Excerpted records
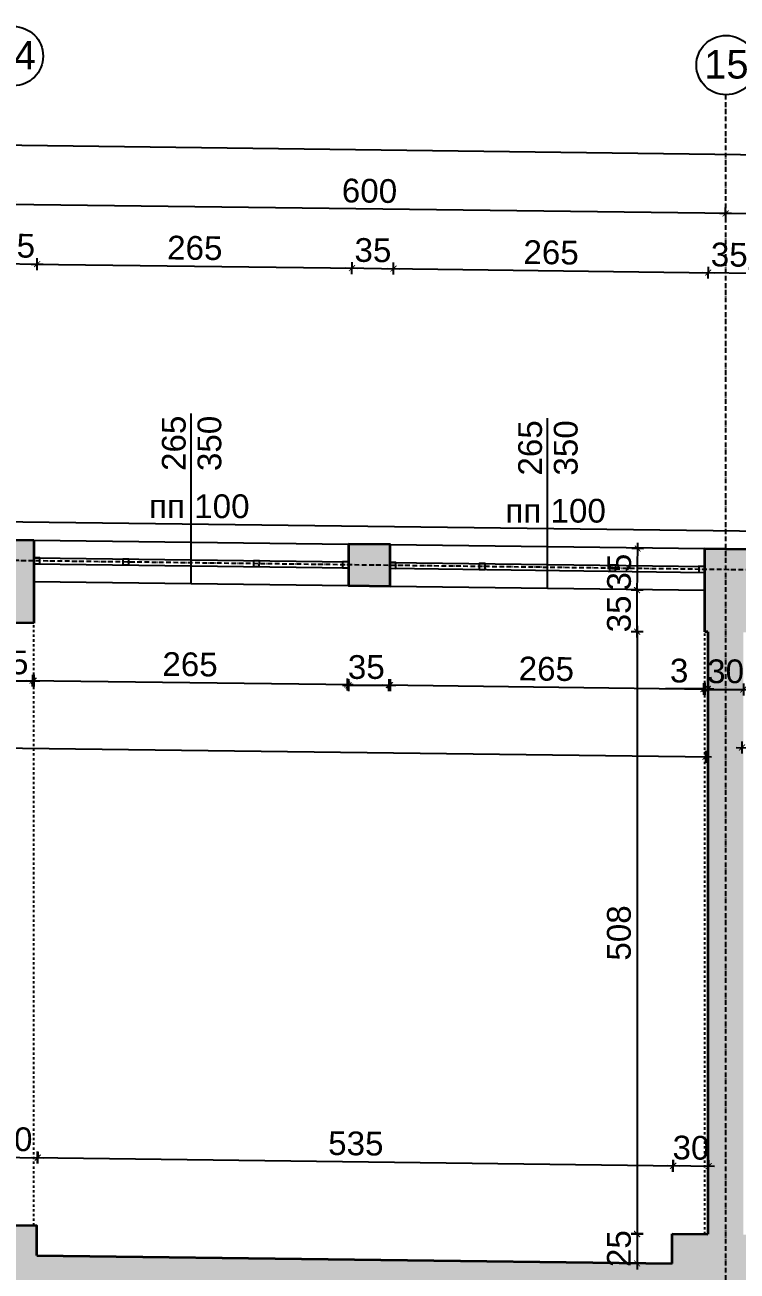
# Model space of a CAD drawing. Header units: inches. Extents: x -72385 to 39588, y -6525 to 66685.
# Drawn here: x -44745 to -44145, y 16415 to 17465 of the extents above; entities that cross this region are included whole.
import ezdxf

# ---------------------------------------------------------------- set-up
doc = ezdxf.new("R2010")
doc.units = ezdxf.units.IN
doc.header["$MEASUREMENT"] = 0
doc.linetypes.add('DashDot', pattern=[0.6, 0.4, -0.1, 0, -0.1])
doc.linetypes.add('Hidden', pattern=[0.4, 0.2, -0.2])
for name, color, linetype, lineweight in [('Изгледни линии', 253, 'Continuous', 25), ('Надписи коти външни', 252, 'Continuous', 25), ('Надписи коти вътрешни', 252, 'Continuous', 25), ('Надписи Оси', 252, 'Continuous', 25), ('Надписи прозорци', 252, 'Continuous', 25), ('Оси', 252, 'DashDot', 25), ('Прозорци', 251, 'Continuous', 25), ('Пунктир', 253, 'Hidden', 25), ('Разрезни линии', 7, 'Continuous', 35), ('Щрих стени', 254, 'Continuous', 25)]:
    doc.layers.add(name, color=color, linetype=linetype, lineweight=lineweight)
doc.styles.add('Arial Regular', font='arial.ttf')
doc.styles.get("Standard").update_dxf_attribs({"font": 'arial.ttf'})
doc.dimstyles.new('Annotative', dxfattribs={"dimscale": 0, "dimtxt": 20, "dimasz": 5, "dimexe": 5, "dimexo": 5, "dimgap": 5, "dimtad": 1, "dimdec": 0, "dimzin": 0, "dimdsep": 46, "dimtxsty": 'Standard', "dimblk": 'ARCHTICK', "dimcen": 5, "dimdle": 5, "dimadec": 0, "dimazin": 0, "dimtfac": 1, "dimtdec": 0, "dimtofl": 0, "dimtmove": 0, "dimatfit": 3, "dimldrblk": 'ARCHTICK', "dimfxl": 5, "dimfxlon": 1, "dimtolj": 1, "dimtzin": 0, "dimarcsym": 1})

# ---------------------------------------------------------------- blocks, each defined once
blk = doc.blocks.new('_ArchTick')
at = {"color": 0, "linetype": 'ByBlock', "const_width": 0.15}
blk.add_lwpolyline([(-0.5, -0.5), (0.5, 0.5)], dxfattribs=at)
blk = doc.blocks.new('*D803')
at = {"layer": 'Defpoints', "color": 0, "ltscale": 50, "transparency": 16777216}
for p in [(-44437.3, 16992.2), (-44172.3, 16988.8), (-44173.4, 16905.5)]:
    blk.add_point(p, dxfattribs=at)
at = {"layer": 'Надписи коти вътрешни', "color": 0, "lineweight": -2, "ltscale": 50, "transparency": 16777216}
for p, q in [((-44438.3, 16913.8), (-44438.5, 16903.8)), ((-44443.4, 16908.9), (-44168.4, 16905.4)), ((-44173.3, 16910.5), (-44173.5, 16900.5))]:
    blk.add_line(p, q, dxfattribs=at)
at = {"layer": 'Надписи коти вътрешни', "color": 0, "lineweight": -2, "ltscale": 50, "transparency": 16777216, "xscale": 5, "yscale": 5, "zscale": 5}
for p, rotation in [((-44438.4, 16908.8), 179.2706286525463), ((-44173.4, 16905.5), 359.2706286525462)]:
    blk.add_blockref('_ArchTick', p, dxfattribs=dict(at, rotation=rotation))
at = {"layer": 'Надписи коти вътрешни', "color": 0, "ltscale": 50, "transparency": 16777216, "insert": (-44305.7, 16922.4), "char_height": 20, "attachment_point": 5, "rotation": 359.2706}
blk.add_mtext('\\A1;265', dxfattribs=at)
blk = doc.blocks.new('*D804')
at = {"layer": 'Defpoints', "color": 0, "ltscale": 50, "transparency": 16777216}
for p in [(-44472.3, 16992.6), (-44437.3, 16992.2), (-44437.3, 16908.7)]:
    blk.add_point(p, dxfattribs=at)
at = {"layer": 'Надписи коти вътрешни', "color": 0, "lineweight": -2, "ltscale": 50, "transparency": 16777216}
for p, q in [((-44472.3, 16913.7), (-44472.3, 16903.7)), ((-44437.3, 16913.7), (-44437.3, 16903.7)), ((-44477.3, 16908.7), (-44432.3, 16908.7))]:
    blk.add_line(p, q, dxfattribs=at)
at = {"layer": 'Надписи коти вътрешни', "color": 0, "lineweight": -2, "ltscale": 50, "transparency": 16777216, "xscale": 5, "yscale": 5, "zscale": 5, "rotation": 180}
blk.add_blockref('_ArchTick', (-44472.3, 16908.7), dxfattribs=at)
at = {"layer": 'Надписи коти вътрешни', "color": 0, "lineweight": -2, "ltscale": 50, "transparency": 16777216, "xscale": 5, "yscale": 5, "zscale": 5}
blk.add_blockref('_ArchTick', (-44437.3, 16908.7), dxfattribs=at)
at = {"layer": 'Надписи коти вътрешни', "color": 0, "ltscale": 50, "transparency": 16777216, "insert": (-44457.3, 16923.9), "char_height": 20, "attachment_point": 5}
blk.add_mtext('\\A1;35', dxfattribs=at)
blk = doc.blocks.new('*D805')
at = {"layer": 'Defpoints', "color": 0, "ltscale": 50, "transparency": 16777216}
for p in [(-44172.3, 16988.8), (-44169.8, 16988.8), (-44172.3, 16905.7)]:
    blk.add_point(p, dxfattribs=at)
at = {"layer": 'Надписи коти вътрешни', "color": 0, "lineweight": -2, "ltscale": 50, "transparency": 16777216}
for p, q in [((-44172.3, 16905.7), (-44205.4, 16905.7)), ((-44172.3, 16910.7), (-44172.3, 16900.7)), ((-44169.8, 16910.7), (-44169.8, 16900.7)), ((-44169.8, 16905.7), (-44164.8, 16905.7))]:
    blk.add_line(p, q, dxfattribs=at)
at = {"layer": 'Надписи коти вътрешни', "color": 0, "lineweight": -2, "ltscale": 50, "transparency": 16777216, "xscale": 5, "yscale": 5, "zscale": 5}
blk.add_blockref('_ArchTick', (-44172.3, 16905.7), dxfattribs=at)
at = {"layer": 'Надписи коти вътрешни', "color": 0, "lineweight": -2, "ltscale": 50, "transparency": 16777216, "xscale": 5, "yscale": 5, "zscale": 5, "rotation": 180}
blk.add_blockref('_ArchTick', (-44169.8, 16905.7), dxfattribs=at)
at = {"layer": 'Надписи коти вътрешни', "color": 0, "ltscale": 50, "transparency": 16777216, "insert": (-44193.9, 16920.9), "char_height": 20, "attachment_point": 5}
blk.add_mtext('\\A1;3', dxfattribs=at)
blk = doc.blocks.new('*D806')
at = {"layer": 'Defpoints', "color": 0, "ltscale": 50, "transparency": 16777216}
for p in [(-44737.3, 16996), (-44472.3, 16992.6), (-44473.4, 16909.3)]:
    blk.add_point(p, dxfattribs=at)
at = {"layer": 'Надписи коти вътрешни', "color": 0, "lineweight": -2, "ltscale": 50, "transparency": 16777216}
for p, q in [((-44743.4, 16912.7), (-44468.4, 16909.2)), ((-44738.3, 16917.6), (-44738.5, 16907.7)), ((-44473.3, 16914.3), (-44473.5, 16904.3))]:
    blk.add_line(p, q, dxfattribs=at)
at = {"layer": 'Надписи коти вътрешни', "color": 0, "lineweight": -2, "ltscale": 50, "transparency": 16777216, "xscale": 5, "yscale": 5, "zscale": 5}
for p, rotation in [((-44738.4, 16912.6), 179.2706286525463), ((-44473.4, 16909.3), 359.2706286525462)]:
    blk.add_blockref('_ArchTick', p, dxfattribs=dict(at, rotation=rotation))
at = {"layer": 'Надписи коти вътрешни', "color": 0, "ltscale": 50, "transparency": 16777216, "insert": (-44605.7, 16926.2), "char_height": 20, "attachment_point": 5, "rotation": 359.2706}
blk.add_mtext('\\A1;265', dxfattribs=at)
blk = doc.blocks.new('*D807')
at = {"layer": 'Defpoints', "color": 0, "ltscale": 50, "transparency": 16777216}
for p in [(-44772.3, 16996.4), (-44737.3, 16996), (-44737.3, 16912.5)]:
    blk.add_point(p, dxfattribs=at)
at = {"layer": 'Надписи коти вътрешни', "color": 0, "lineweight": -2, "ltscale": 50, "transparency": 16777216}
for p, q in [((-44777.3, 16912.5), (-44732.3, 16912.5)), ((-44772.3, 16917.5), (-44772.3, 16907.5)), ((-44737.3, 16917.5), (-44737.3, 16907.5))]:
    blk.add_line(p, q, dxfattribs=at)
at = {"layer": 'Надписи коти вътрешни', "color": 0, "lineweight": -2, "ltscale": 50, "transparency": 16777216, "xscale": 5, "yscale": 5, "zscale": 5, "rotation": 180}
blk.add_blockref('_ArchTick', (-44772.3, 16912.5), dxfattribs=at)
at = {"layer": 'Надписи коти вътрешни', "color": 0, "lineweight": -2, "ltscale": 50, "transparency": 16777216, "xscale": 5, "yscale": 5, "zscale": 5}
blk.add_blockref('_ArchTick', (-44737.3, 16912.5), dxfattribs=at)
at = {"layer": 'Надписи коти вътрешни', "color": 0, "ltscale": 50, "transparency": 16777216, "insert": (-44757.3, 16927.8), "char_height": 20, "attachment_point": 5}
blk.add_mtext('\\A1;35', dxfattribs=at)
blk = doc.blocks.new('*D825')
at = {"layer": 'Defpoints', "color": 0, "ltscale": 50, "transparency": 16777216}
for p in [(-44734.1, 16510.8), (-44774.8, 16453.9), (-44734.8, 16453.4)]:
    blk.add_point(p, dxfattribs=at)
at = {"layer": 'Надписи коти вътрешни', "color": 0, "lineweight": -2, "ltscale": 50, "transparency": 16777216}
for p, q in [((-44774.2, 16506.3), (-44774, 16516.3)), ((-44734.2, 16505.8), (-44734, 16515.8)), ((-44779.1, 16511.3), (-44729.1, 16510.7))]:
    blk.add_line(p, q, dxfattribs=at)
at = {"layer": 'Надписи коти вътрешни', "color": 0, "lineweight": -2, "ltscale": 50, "transparency": 16777216, "xscale": 5, "yscale": 5, "zscale": 5}
for p, rotation in [((-44774.1, 16511.3), 179.2706286525463), ((-44734.1, 16510.8), 359.2706286525462)]:
    blk.add_blockref('_ArchTick', p, dxfattribs=dict(at, rotation=rotation))
at = {"layer": 'Надписи коти вътрешни', "color": 0, "ltscale": 50, "transparency": 16777216, "insert": (-44753.9, 16526.2), "char_height": 20, "attachment_point": 5, "rotation": 359.2706}
blk.add_mtext('\\A1;40', dxfattribs=at)
blk = doc.blocks.new('*D826')
at = {"layer": 'Defpoints', "color": 0, "ltscale": 50, "transparency": 16777216}
for p in [(-44198.8, 16503.9), (-44734.8, 16428.4), (-44199.8, 16421.6)]:
    blk.add_point(p, dxfattribs=at)
at = {"layer": 'Надписи коти вътрешни', "color": 0, "lineweight": -2, "ltscale": 50, "transparency": 16777216}
for p, q in [((-44733.9, 16505.7), (-44733.7, 16515.7)), ((-44738.8, 16510.8), (-44193.8, 16503.9)), ((-44198.9, 16498.9), (-44198.7, 16508.9))]:
    blk.add_line(p, q, dxfattribs=at)
at = {"layer": 'Надписи коти вътрешни', "color": 0, "lineweight": -2, "ltscale": 50, "transparency": 16777216, "xscale": 5, "yscale": 5, "zscale": 5}
for p, rotation in [((-44733.8, 16510.7), 179.270628652547), ((-44198.8, 16503.9), 359.270628652547)]:
    blk.add_blockref('_ArchTick', p, dxfattribs=dict(at, rotation=rotation))
at = {"layer": 'Надписи коти вътрешни', "color": 0, "ltscale": 50, "transparency": 16777216, "insert": (-44466.1, 16522.6), "char_height": 20, "attachment_point": 5, "rotation": 359.2706}
blk.add_mtext('\\A1;535', dxfattribs=at)
blk = doc.blocks.new('*D4480')
at = {"layer": 'Defpoints', "color": 0, "ltscale": 50, "transparency": 16777216}
for p in [(-44169.1, 16503.6), (-44199.8, 16446.6), (-44169.8, 16446.2)]:
    blk.add_point(p, dxfattribs=at)
at = {"layer": 'Надписи коти вътрешни', "color": 0, "lineweight": -2, "ltscale": 50, "transparency": 16777216}
for p, q in [((-44204.1, 16504), (-44164.1, 16503.5)), ((-44199.2, 16498.9), (-44199, 16508.9)), ((-44169.2, 16498.6), (-44169, 16508.6))]:
    blk.add_line(p, q, dxfattribs=at)
at = {"layer": 'Надписи коти вътрешни', "color": 0, "lineweight": -2, "ltscale": 50, "transparency": 16777216, "xscale": 5, "yscale": 5, "zscale": 5}
for p, rotation in [((-44199.1, 16503.9), 179.2706286525389), ((-44169.1, 16503.6), 359.2706286525389)]:
    blk.add_blockref('_ArchTick', p, dxfattribs=dict(at, rotation=rotation))
at = {"layer": 'Надписи коти вътрешни', "color": 0, "ltscale": 50, "transparency": 16777216, "insert": (-44183.9, 16519), "char_height": 20, "attachment_point": 5, "rotation": 359.2706}
blk.add_mtext('\\A1;30', dxfattribs=at)
blk = doc.blocks.new('*D829')
at = {"layer": 'Defpoints', "color": 0, "ltscale": 50, "transparency": 16777216}
for p in [(-44199.8, 16446.6), (-44229.3, 16421.6), (-44199.8, 16421.6)]:
    blk.add_point(p, dxfattribs=at)
at = {"layer": 'Надписи коти вътрешни', "color": 0, "lineweight": -2, "ltscale": 50, "transparency": 16777216}
for p, q in [((-44229.3, 16451.6), (-44229.3, 16416.6)), ((-44224.3, 16446.6), (-44234.3, 16446.6)), ((-44224.3, 16421.6), (-44234.3, 16421.6))]:
    blk.add_line(p, q, dxfattribs=at)
at = {"layer": 'Надписи коти вътрешни', "color": 0, "lineweight": -2, "ltscale": 50, "transparency": 16777216, "xscale": 5, "yscale": 5, "zscale": 5}
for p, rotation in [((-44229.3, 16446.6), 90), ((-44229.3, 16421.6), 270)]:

Exercise goal
Without any picture, return exactly the lines of the records above from the first through the line that contains "doc.linetypes.add('Hidden', pattern=[0.4, 0.2, -0.2])".

Your solution
# Model space of a CAD drawing. Header units: inches. Extents: x -72385 to 39588, y -6525 to 66685.
# Drawn here: x -44745 to -44145, y 16415 to 17465 of the extents above; entities that cross this region are included whole.
import ezdxf

# ---------------------------------------------------------------- set-up
doc = ezdxf.new("R2010")
doc.units = ezdxf.units.IN
doc.header["$MEASUREMENT"] = 0
doc.linetypes.add('DashDot', pattern=[0.6, 0.4, -0.1, 0, -0.1])
doc.linetypes.add('Hidden', pattern=[0.4, 0.2, -0.2])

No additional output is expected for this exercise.